The threshold value adjustment unit uses the learning model to
adjust the first threshold value and the second threshold value
used by the data acquisition unit. When the value detected by the
sensor has not exceeded the second threshold value the prescribed
number or more of times during the prescribed period of time while
operating in the second mode, the data acquisition unit of the
present example embodiment transmits the second notification signal
notifying that a malfunction has occurred, to the control unit. The
data acquisition unit transmits the second notification signal to
the control unit, and also transmits the first threshold value and
the second threshold value at that time point to the learning
unit.
[0168] For example, the data acquisition unit of the present
example embodiment transmits the first notification signal
notifying that the user wearing the sensor has started walking,
when the value detected by the sensor has fallen below the second
threshold value the prescribed number or more of times during the
prescribed period of time while operating in the second mode.
[0169] That is, the measurement device of the present example
embodiment records the first threshold value and the second
threshold value when a malfunction was detected, in a log, and
inputs the recorded log to the learner together with logs until
that time point to generate new first threshold value and second
threshold value.

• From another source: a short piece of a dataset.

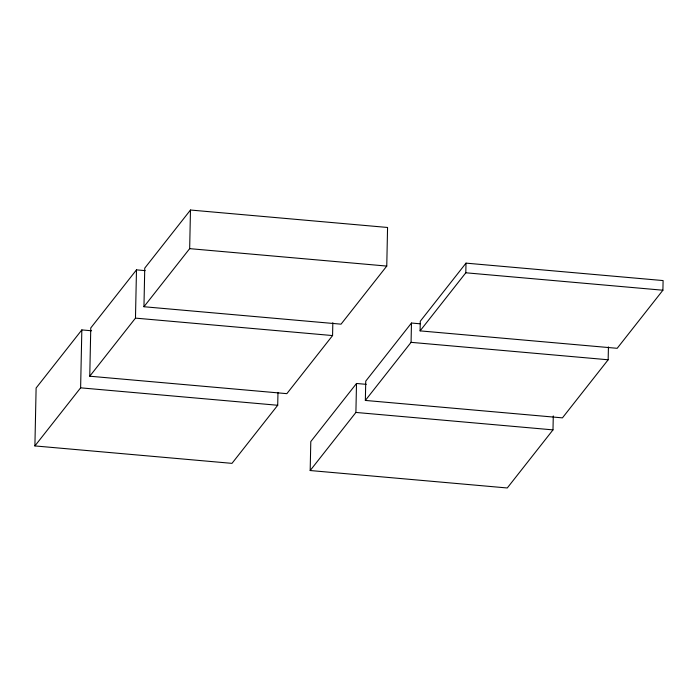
<?xml version="1.0" encoding="UTF-8"?>
<svg xmlns="http://www.w3.org/2000/svg" width="698" height="698" viewBox="0 0 698 698"><rect width="100%" height="100%" fill="white"/><g stroke="black" fill="none" stroke-linecap="round" stroke-linejoin="round"><path stroke-width="1.05" d="M277.979 392.398L277.708 405.268L231.989 463.359L34.9 445.926L36.113 388.009L81.832 329.918L91.578 330.773M34.9 445.926L80.619 387.835L81.832 329.918M332.833 322.694L332.571 335.564L286.852 393.655L89.763 376.213L90.766 327.947L136.485 269.864L145.149 270.623M89.763 376.213L135.473 318.122L136.485 269.864M143.954 306.736L144.756 268.119L190.475 210.028L387.565 227.469L386.762 266.078L341.043 324.169L143.954 306.736L189.664 248.645L190.475 210.028M553.278 415.938L552.99 429.881L507.272 487.972L310.182 470.531L310.793 441.572L356.504 383.481L366.249 384.345M310.182 470.531L355.901 412.439L356.504 383.481M608.429 346.906L608.159 359.775L562.44 417.866L365.351 400.434L365.752 381.125L411.471 323.034L420.135 323.802M365.351 400.434L411.07 342.343L411.471 323.034M420.091 330.878L420.292 321.22L466.011 263.137L663.1 280.57L662.899 290.22L617.18 348.311L420.091 330.878L465.802 272.787L466.011 263.137M465.802 272.787L662.899 290.22M189.664 248.645L386.762 266.078M411.07 342.343L608.159 359.775M135.473 318.122L332.571 335.564M80.619 387.835L277.708 405.268M355.901 412.439L552.99 429.881"/></g></svg>

Then, the measurement device of the present
example embodiment updates the first threshold value and the second
threshold value when the malfunction was detected, with the newly
generated first threshold value and second threshold value, and
continues the measurement thereafter.
[0170] According to the measurement device of the present example
embodiment, the first threshold value and the second threshold
value can be updated according to individual differences and
changes in the walking environment. Therefore, according to the
measurement device of the present example embodiment, it is
possible to flexibly cope with individual differences and changes
in the walking environment.
Example
[0171] Here, an example of the measurement device according to the
third example embodiment of the present invention will be described
with reference to the drawings. In the present example, a
simulation was performed to examine the presence or absence of
erroneous operation in the low-power mode and the capability in
detecting walking in the normal mode, relating to walking and ankle
rotational motions when the IMU is worn on an arch part of a foot
as the data acquisition unit.
[0172] FIG. 14 illustrates acceleration waveforms in the
perpendicular direction (positive in the upward direction) relating
to walking and ankle rotational motions in the low-power mode. The
sampling rate in the low-power mode was set to 3.125 Hz. Since the
pace of an average person is two steps per second, a sampling rate
of 3.125 Hz allows the detection of the vertical acceleration
imparted by the impact force caused by the heel making contact with
the ground at the beginning of the stance phase. As a result of
comparing the waveforms of walking and ankle rotational motions, it
was confirmed that the acceleration imparted by the impact force
was much higher than the acceleration caused by the force of
muscles for making ankle rotational motions. Based on this
confirmation result, the first threshold value was set in
consideration of individual differences. The setting of the first
threshold value was verified from a histogram of the acceleration
waveforms in the perpendicular direction during walking and ankle
rotational motions.
[0173] FIG. 15 illustrates a histogram of the acceleration
waveforms in the perpendicular direction during walking and ankle
rotational motions. In the acceleration waveform (solid line)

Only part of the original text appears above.